组织里似乎好久都没有什么重大事件需要他们出马去解决了,因为泠和Amaretto的完美绝杀,让组织的根基扎得更稳。所以组织里每个人都放松了神经,乌鸦们照常随着大部队的方向飞行,泠每次走在宽阔的走廊,都感觉气氛已经松散了许多。
办公室里,聚集着几个已经很久没有碰面的人。Bourbon依然站在窗边,沉默不语,Amaretto坐在在沙发里喝着Boss喜欢的酩悦香槟,一边与Vermouth聊得不亦乐乎。还有好久没有出现的,一直在世界各地执行暗杀任务的Chianti和Korn,他们终于回归了本部,从眉飞色舞的交谈中看得出来,这趟狩猎之旅,他们玩得意犹未尽。
“嘎吱……”
门被扭开的瞬间,大家的交谈都停了下来,这股强大的气场随着泠冷淡而凛冽的目光如寒风侵袭而来,紧随其后的Gin,更是在这阵风里加了一丝狂烈的阴暗。
大家的目光都被他们吸引,可是泠并不喜欢这样的注目礼,她没有看向任何人,而是径直走到桌上的显示屏前,屏幕被点亮后,礼貌的向Boss鞠躬问好。
“Baileys,坐。”Boss的语气显得格外温柔,这种偏爱,在座的各位都已习以为常。
“是。”她拉过办公桌后的旋转椅,坐下后抱着双臂低头缄默。
“各位都在,我就不说废话了。”Boss的眼神扫过众人,他们也都暂时收回了对泠的各种想法。
“下午3点,解决贝丽酒店里的池谷耀司,首先销毁他手上有关于我们的账目往来记录,然后让他闭嘴。”Boss开门见山,这让好久没有拿起勃朗宁的Amaretto来了精神。
“同一时间,在群马县向日葵温泉旅馆里有一位政界交际花池谷奈美,杀了她,还有她的秘书。”Boss继续说。
“另外,帝都大厦里BAK游戏社的社长小田达也,解决他,再报废他的电脑。”说到这里,Boss顿了顿,啖了一口手边的鸡尾酒,”就这样。”
“好久没有这样的大规模的杀戮行动了,怎么那么突然呢?”Vermouth摆弄着自己的卷发,挑眼看着Boss的眼睛。
“给你们的福利嘛,而且这次我许你们绝对的自由,想怎么玩都随便,怎么样,还满意吗?”Boss两眼放光,没了FBI那群总是捣乱的麻烦家伙,他也恢复了可以与他们说笑的心情。

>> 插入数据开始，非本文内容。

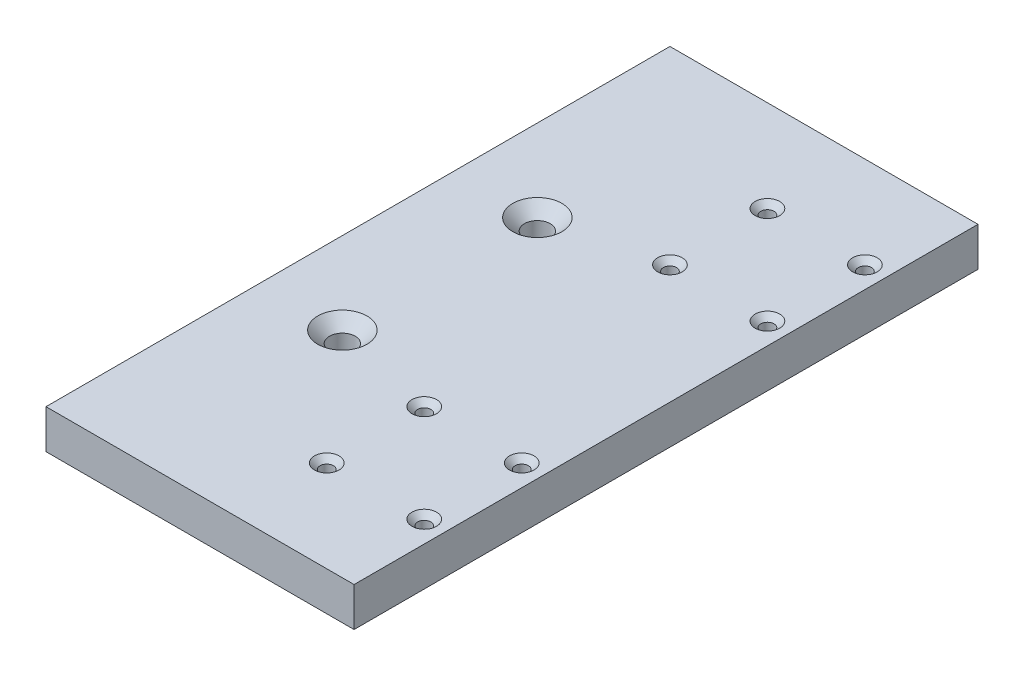
ISO-10303-21;
HEADER;
FILE_DESCRIPTION(('STEP AP214'),'2;1');
FILE_NAME('part.step','',(''),(''),'','','');
FILE_SCHEMA(('AUTOMOTIVE_DESIGN { 1 0 10303 214 1 1 1 1 }'));
ENDSEC;
DATA;
#1=APPLICATION_CONTEXT('core data for automotive mechanical design processes');
#2=APPLICATION_PROTOCOL_DEFINITION('international standard','automotive_design',2000,#1);
#3=PRODUCT_CONTEXT('',#1,'mechanical');
#4=PRODUCT('Part','Part','',(#3));
#5=PRODUCT_RELATED_PRODUCT_CATEGORY('part','',(#4));
#6=PRODUCT_DEFINITION_FORMATION('','',#4);
#7=PRODUCT_DEFINITION_CONTEXT('part definition',#1,'design');
#8=PRODUCT_DEFINITION('design','',#6,#7);
#9=PRODUCT_DEFINITION_SHAPE('','',#8);
#10=(LENGTH_UNIT() NAMED_UNIT(*) SI_UNIT(.MILLI.,.METRE.));
#11=(NAMED_UNIT(*) PLANE_ANGLE_UNIT() SI_UNIT($,.RADIAN.));
#12=(NAMED_UNIT(*) SI_UNIT($,.STERADIAN.) SOLID_ANGLE_UNIT());
#13=UNCERTAINTY_MEASURE_WITH_UNIT(LENGTH_MEASURE(1.E-05),#10,'distance_accuracy_value','');
#14=(GEOMETRIC_REPRESENTATION_CONTEXT(3) GLOBAL_UNCERTAINTY_ASSIGNED_CONTEXT((#13)) GLOBAL_UNIT_ASSIGNED_CONTEXT((#10,
#11,#12)) REPRESENTATION_CONTEXT('',''));
#15=CARTESIAN_POINT('',(0.,0.,0.));
#16=DIRECTION('',(0.,0.,1.));
#17=DIRECTION('',(1.,0.,0.));
#18=AXIS2_PLACEMENT_3D('',#15,#16,#17);
#19=CARTESIAN_POINT('',(39.5,10.,-80.));
#20=DIRECTION('',(-1.,0.,0.));
#21=DIRECTION('',(0.,0.,1.));
#22=AXIS2_PLACEMENT_3D('',#19,#20,#21);
#23=PLANE('',#22);
#24=DIRECTION('',(0.,0.,-1.));
#25=VECTOR('',#24,1.);
#26=CARTESIAN_POINT('',(39.5,0.,-80.));
#27=LINE('',#26,#25);
#28=CARTESIAN_POINT('',(39.5,0.,80.));
#29=VERTEX_POINT('',#28);
#30=CARTESIAN_POINT('',(39.5,0.,-80.));
#31=VERTEX_POINT('',#30);
#32=EDGE_CURVE('E249',#29,#31,#27,.T.);
#33=ORIENTED_EDGE('',*,*,#32,.T.);
#34=DIRECTION('',(0.,-1.,0.));
#35=VECTOR('',#34,1.);
#36=CARTESIAN_POINT('',(39.5,10.,-80.));
#37=LINE('',#36,#35);
#38=CARTESIAN_POINT('',(39.5,10.,-80.));
#39=VERTEX_POINT('',#38);
#40=EDGE_CURVE('E11',#39,#31,#37,.T.);
#41=ORIENTED_EDGE('',*,*,#40,.F.);
#42=DIRECTION('',(0.,0.,-1.));
#43=VECTOR('',#42,1.);
#44=CARTESIAN_POINT('',(39.5,10.,-80.));
#45=LINE('',#44,#43);
#46=CARTESIAN_POINT('',(39.5,10.,80.));
#47=VERTEX_POINT('',#46);
#48=EDGE_CURVE('E250',#47,#39,#45,.T.);
#49=ORIENTED_EDGE('',*,*,#48,.F.);
#50=DIRECTION('',(0.,-1.,0.));
#51=VECTOR('',#50,1.);
#52=CARTESIAN_POINT('',(39.5,10.,80.));
#53=LINE('',#52,#51);
#54=EDGE_CURVE('E260',#47,#29,#53,.T.);
#55=ORIENTED_EDGE('',*,*,#54,.T.);
#56=EDGE_LOOP('',(#33,#41,#49,#55));
#57=FACE_BOUND('',#56,.T.);
#58=ADVANCED_FACE('F43',(#57),#23,.F.);
#59=CARTESIAN_POINT('',(-39.5,10.,-80.));
#60=DIRECTION('',(0.,0.,1.));
#61=DIRECTION('',(1.,0.,0.));
#62=AXIS2_PLACEMENT_3D('',#59,#60,#61);
#63=PLANE('',#62);
#64=DIRECTION('',(-1.,0.,0.));
#65=VECTOR('',#64,1.);
#66=CARTESIAN_POINT('',(-39.5,0.,-80.));
#67=LINE('',#66,#65);
#68=CARTESIAN_POINT('',(-39.5,0.,-80.));
#69=VERTEX_POINT('',#68);
#70=EDGE_CURVE('E264',#31,#69,#67,.T.);
#71=ORIENTED_EDGE('',*,*,#70,.T.);
#72=DIRECTION('',(0.,-1.,0.));
#73=VECTOR('',#72,1.);
#74=CARTESIAN_POINT('',(-39.5,10.,-80.));
#75=LINE('',#74,#73);
#76=CARTESIAN_POINT('',(-39.5,10.,-80.));
#77=VERTEX_POINT('',#76);
#78=EDGE_CURVE('E52',#77,#69,#75,.T.);
#79=ORIENTED_EDGE('',*,*,#78,.F.);
#80=DIRECTION('',(-1.,0.,0.));
#81=VECTOR('',#80,1.);
#82=CARTESIAN_POINT('',(-39.5,10.,-80.));
#83=LINE('',#82,#81);
#84=EDGE_CURVE('E91',#39,#77,#83,.T.);
#85=ORIENTED_EDGE('',*,*,#84,.F.);
#86=ORIENTED_EDGE('',*,*,#40,.T.);
#87=EDGE_LOOP('',(#71,#79,#85,#86));
#88=FACE_BOUND('',#87,.T.);
#89=ADVANCED_FACE('F294',(#88),#63,.F.);
#90=CARTESIAN_POINT('',(-39.5,10.,-80.));
#91=DIRECTION('',(1.,0.,0.));
#92=DIRECTION('',(0.,0.,-1.));
#93=AXIS2_PLACEMENT_3D('',#90,#91,#92);
#94=PLANE('',#93);
#95=CARTESIAN_POINT('',(-39.5,5.,-40.));
#96=DIRECTION('',(-1.,0.,0.));
#97=DIRECTION('',(0.,0.,1.));
#98=AXIS2_PLACEMENT_3D('',#95,#96,#97);
#99=CIRCLE('',#98,3.025);
#100=CARTESIAN_POINT('',(-39.5,5.,-36.975));
#101=VERTEX_POINT('',#100);
#102=EDGE_CURVE('E118',#101,#101,#99,.T.);
#103=ORIENTED_EDGE('',*,*,#102,.F.);
#104=EDGE_LOOP('',(#103));
#105=FACE_BOUND('',#104,.T.);
#106=CARTESIAN_POINT('',(-39.5,5.,40.));
#107=DIRECTION('',(-1.,0.,0.));
#108=DIRECTION('',(0.,0.,1.));
#109=AXIS2_PLACEMENT_3D('',#106,#107,#108);
#110=CIRCLE('',#109,3.025);
#111=CARTESIAN_POINT('',(-39.5,5.,43.025));
#112=VERTEX_POINT('',#111);
#113=EDGE_CURVE('E109',#112,#112,#110,.T.);
#114=ORIENTED_EDGE('',*,*,#113,.F.);
#115=EDGE_LOOP('',(#114));
#116=FACE_BOUND('',#115,.T.);
#117=DIRECTION('',(0.,0.,1.));
#118=VECTOR('',#117,1.);
#119=CARTESIAN_POINT('',(-39.5,0.,-80.));
#120=LINE('',#119,#118);
#121=CARTESIAN_POINT('',(-39.5,0.,80.));
#122=VERTEX_POINT('',#121);
#123=EDGE_CURVE('E78',#69,#122,#120,.T.);
#124=ORIENTED_EDGE('',*,*,#123,.T.);
#125=DIRECTION('',(0.,-1.,0.));
#126=VECTOR('',#125,1.);
#127=CARTESIAN_POINT('',(-39.5,10.,80.));
#128=LINE('',#127,#126);
#129=CARTESIAN_POINT('',(-39.5,10.,80.));
#130=VERTEX_POINT('',#129);
#131=EDGE_CURVE('E273',#130,#122,#128,.T.);
#132=ORIENTED_EDGE('',*,*,#131,.F.);
#133=DIRECTION('',(0.,0.,1.));
#134=VECTOR('',#133,1.);
#135=CARTESIAN_POINT('',(-39.5,10.,-80.));
#136=LINE('',#135,#134);
#137=EDGE_CURVE('E255',#77,#130,#136,.T.);
#138=ORIENTED_EDGE('',*,*,#137,.F.);
#139=ORIENTED_EDGE('',*,*,#78,.T.);
#140=EDGE_LOOP('',(#124,#132,#138,#139));
#141=FACE_BOUND('',#140,.T.);
#142=ADVANCED_FACE('F277',(#105,#116,#141),#94,.F.);
#143=CARTESIAN_POINT('',(-39.5,10.,80.));
#144=DIRECTION('',(0.,0.,-1.));
#145=DIRECTION('',(-1.,0.,0.));
#146=AXIS2_PLACEMENT_3D('',#143,#144,#145);
#147=PLANE('',#146);
#148=DIRECTION('',(1.,0.,0.));
#149=VECTOR('',#148,1.);
#150=CARTESIAN_POINT('',(-39.5,0.,80.));
#151=LINE('',#150,#149);
#152=EDGE_CURVE('E84',#122,#29,#151,.T.);
#153=ORIENTED_EDGE('',*,*,#152,.T.);
#154=ORIENTED_EDGE('',*,*,#54,.F.);
#155=DIRECTION('',(1.,0.,0.));
#156=VECTOR('',#155,1.);
#157=CARTESIAN_POINT('',(-39.5,10.,80.));
#158=LINE('',#157,#156);
#159=EDGE_CURVE('E60',#130,#47,#158,.T.);
#160=ORIENTED_EDGE('',*,*,#159,.F.);
#161=ORIENTED_EDGE('',*,*,#131,.T.);
#162=EDGE_LOOP('',(#153,#154,#160,#161));
#163=FACE_BOUND('',#162,.T.);
#164=ADVANCED_FACE('F284',(#163),#147,.F.);
#165=CARTESIAN_POINT('',(0.,10.,0.));
#166=DIRECTION('',(0.,1.,0.));
#167=DIRECTION('',(0.,0.,1.));
#168=AXIS2_PLACEMENT_3D('',#165,#166,#167);
#169=PLANE('',#168);
#170=CARTESIAN_POINT('',(-18.5,10.,-25.));
#171=DIRECTION('',(0.,1.,0.));
#172=DIRECTION('',(0.,0.,1.));
#173=AXIS2_PLACEMENT_3D('',#170,#171,#172);
#174=CIRCLE('',#173,6.3);
#175=CARTESIAN_POINT('',(-18.5,10.,-18.7));
#176=VERTEX_POINT('',#175);
#177=EDGE_CURVE('E129',#176,#176,#174,.T.);
#178=ORIENTED_EDGE('',*,*,#177,.F.);
#179=EDGE_LOOP('',(#178));
#180=FACE_BOUND('',#179,.T.);
#181=CARTESIAN_POINT('',(-18.5,10.,25.));
#182=DIRECTION('',(0.,1.,0.));
#183=DIRECTION('',(0.,0.,1.));
#184=AXIS2_PLACEMENT_3D('',#181,#182,#183);
#185=CIRCLE('',#184,6.3);
#186=CARTESIAN_POINT('',(-18.5,10.,31.3));
#187=VERTEX_POINT('',#186);
#188=EDGE_CURVE('E141',#187,#187,#185,.T.);
#189=ORIENTED_EDGE('',*,*,#188,.F.);
#190=EDGE_LOOP('',(#189));
#191=FACE_BOUND('',#190,.T.);
#192=CARTESIAN_POINT('',(9.00000000000001,10.,56.5));
#193=DIRECTION('',(0.,1.,0.));
#194=DIRECTION('',(0.,0.,1.));
#195=AXIS2_PLACEMENT_3D('',#192,#193,#194);
#196=CIRCLE('',#195,3.15);
#197=CARTESIAN_POINT('',(9.00000000000001,10.,59.65));
#198=VERTEX_POINT('',#197);
#199=EDGE_CURVE('E153',#198,#198,#196,.T.);
#200=ORIENTED_EDGE('',*,*,#199,.F.);
#201=EDGE_LOOP('',(#200));
#202=FACE_BOUND('',#201,.T.);
#203=CARTESIAN_POINT('',(34.,10.,56.5));
#204=DIRECTION('',(0.,1.,0.));
#205=DIRECTION('',(0.,0.,1.));
#206=AXIS2_PLACEMENT_3D('',#203,#204,#205);
#207=CIRCLE('',#206,3.15);
#208=CARTESIAN_POINT('',(34.,10.,59.65));
#209=VERTEX_POINT('',#208);
#210=EDGE_CURVE('E165',#209,#209,#207,.T.);
#211=ORIENTED_EDGE('',*,*,#210,.F.);
#212=EDGE_LOOP('',(#211));
#213=FACE_BOUND('',#212,.T.);
#214=CARTESIAN_POINT('',(34.,10.,31.5));
#215=DIRECTION('',(0.,1.,0.));
#216=DIRECTION('',(0.,0.,1.));
#217=AXIS2_PLACEMENT_3D('',#214,#215,#216);
#218=CIRCLE('',#217,3.15);
#219=CARTESIAN_POINT('',(34.,10.,34.65));
#220=VERTEX_POINT('',#219);
#221=EDGE_CURVE('E177',#220,#220,#218,.T.);
#222=ORIENTED_EDGE('',*,*,#221,.F.);
#223=EDGE_LOOP('',(#222));
#224=FACE_BOUND('',#223,.T.);
#225=CARTESIAN_POINT('',(9.00000000000001,10.,31.5));
#226=DIRECTION('',(0.,1.,0.));
#227=DIRECTION('',(0.,0.,1.));
#228=AXIS2_PLACEMENT_3D('',#225,#226,#227);
#229=CIRCLE('',#228,3.15);
#230=CARTESIAN_POINT('',(9.00000000000001,10.,34.65));
#231=VERTEX_POINT('',#230);
#232=EDGE_CURVE('E189',#231,#231,#229,.T.);
#233=ORIENTED_EDGE('',*,*,#232,.F.);
#234=EDGE_LOOP('',(#233));
#235=FACE_BOUND('',#234,.T.);
#236=CARTESIAN_POINT('',(9.00000000000001,10.,-31.5));
#237=DIRECTION('',(0.,1.,0.));
#238=DIRECTION('',(0.,0.,1.));
#239=AXIS2_PLACEMENT_3D('',#236,#237,#238);
#240=CIRCLE('',#239,3.15);
#241=CARTESIAN_POINT('',(9.00000000000001,10.,-28.35));
#242=VERTEX_POINT('',#241);
#243=EDGE_CURVE('E201',#242,#242,#240,.T.);
#244=ORIENTED_EDGE('',*,*,#243,.F.);
#245=EDGE_LOOP('',(#244));
#246=FACE_BOUND('',#245,.T.);
#247=CARTESIAN_POINT('',(34.,10.,-31.5));
#248=DIRECTION('',(0.,1.,0.));
#249=DIRECTION('',(0.,0.,1.));
#250=AXIS2_PLACEMENT_3D('',#247,#248,#249);
#251=CIRCLE('',#250,3.15);
#252=CARTESIAN_POINT('',(34.,10.,-28.35));
#253=VERTEX_POINT('',#252);
#254=EDGE_CURVE('E213',#253,#253,#251,.T.);
#255=ORIENTED_EDGE('',*,*,#254,.F.);
#256=EDGE_LOOP('',(#255));
#257=FACE_BOUND('',#256,.T.);
#258=CARTESIAN_POINT('',(34.,10.,-56.5));
#259=DIRECTION('',(0.,1.,0.));
#260=DIRECTION('',(0.,0.,1.));
#261=AXIS2_PLACEMENT_3D('',#258,#259,#260);
#262=CIRCLE('',#261,3.15);
#263=CARTESIAN_POINT('',(34.,10.,-53.35));
#264=VERTEX_POINT('',#263);
#265=EDGE_CURVE('E225',#264,#264,#262,.T.);
#266=ORIENTED_EDGE('',*,*,#265,.F.);
#267=EDGE_LOOP('',(#266));
#268=FACE_BOUND('',#267,.T.);
#269=CARTESIAN_POINT('',(9.00000000000001,10.,-56.5));
#270=DIRECTION('',(0.,1.,0.));
#271=DIRECTION('',(0.,0.,1.));
#272=AXIS2_PLACEMENT_3D('',#269,#270,#271);
#273=CIRCLE('',#272,3.15);
#274=CARTESIAN_POINT('',(9.00000000000001,10.,-53.35));
#275=VERTEX_POINT('',#274);
#276=EDGE_CURVE('E237',#275,#275,#273,.T.);
#277=ORIENTED_EDGE('',*,*,#276,.F.);
#278=EDGE_LOOP('',(#277));
#279=FACE_BOUND('',#278,.T.);
#280=ORIENTED_EDGE('',*,*,#48,.T.);
#281=ORIENTED_EDGE('',*,*,#84,.T.);
#282=ORIENTED_EDGE('',*,*,#137,.T.);
#283=ORIENTED_EDGE('',*,*,#159,.T.);
#284=EDGE_LOOP('',(#280,#281,#282,#283));
#285=FACE_BOUND('',#284,.T.);
#286=ADVANCED_FACE('F286',(#180,#191,#202,#213,#224,#235,#246,#257,#268,#279,#285),#169,.T.);
#287=CARTESIAN_POINT('',(0.,0.,0.));
#288=DIRECTION('',(0.,1.,0.));
#289=DIRECTION('',(0.,0.,1.));
#290=AXIS2_PLACEMENT_3D('',#287,#288,#289);
#291=PLANE('',#290);
#292=CARTESIAN_POINT('',(-18.5,0.,-25.));
#293=DIRECTION('',(0.,1.,0.));
#294=DIRECTION('',(0.,0.,1.));
#295=AXIS2_PLACEMENT_3D('',#292,#293,#294);
#296=CIRCLE('',#295,3.3);
#297=CARTESIAN_POINT('',(-18.5,0.,-21.7));
#298=VERTEX_POINT('',#297);
#299=EDGE_CURVE('E137',#298,#298,#296,.T.);
#300=ORIENTED_EDGE('',*,*,#299,.T.);
#301=EDGE_LOOP('',(#300));
#302=FACE_BOUND('',#301,.T.);
#303=CARTESIAN_POINT('',(-18.5,0.,25.));
#304=DIRECTION('',(0.,1.,0.));
#305=DIRECTION('',(0.,0.,1.));
#306=AXIS2_PLACEMENT_3D('',#303,#304,#305);
#307=CIRCLE('',#306,3.3);
#308=CARTESIAN_POINT('',(-18.5,0.,28.3));
#309=VERTEX_POINT('',#308);
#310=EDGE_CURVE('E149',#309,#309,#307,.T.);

“当然满意了,这样的机会可是相当难得呢。”Amaretto手上没有放下香槟,她看向表情黯淡的泠,晦涩的弦外之音还是传到了她敏锐的耳朵里。
“那你们可得珍惜哦。”Boss的声音也变得轻松起来。“简单安排一下,Baileys和Bourbon负责贝丽酒店,Vermouth,你和Chianti,Korn去群马县的温泉旅馆,剩下的BAK游戏社,交给Gin和Amaretto,还有几个小时,好好准备吧。”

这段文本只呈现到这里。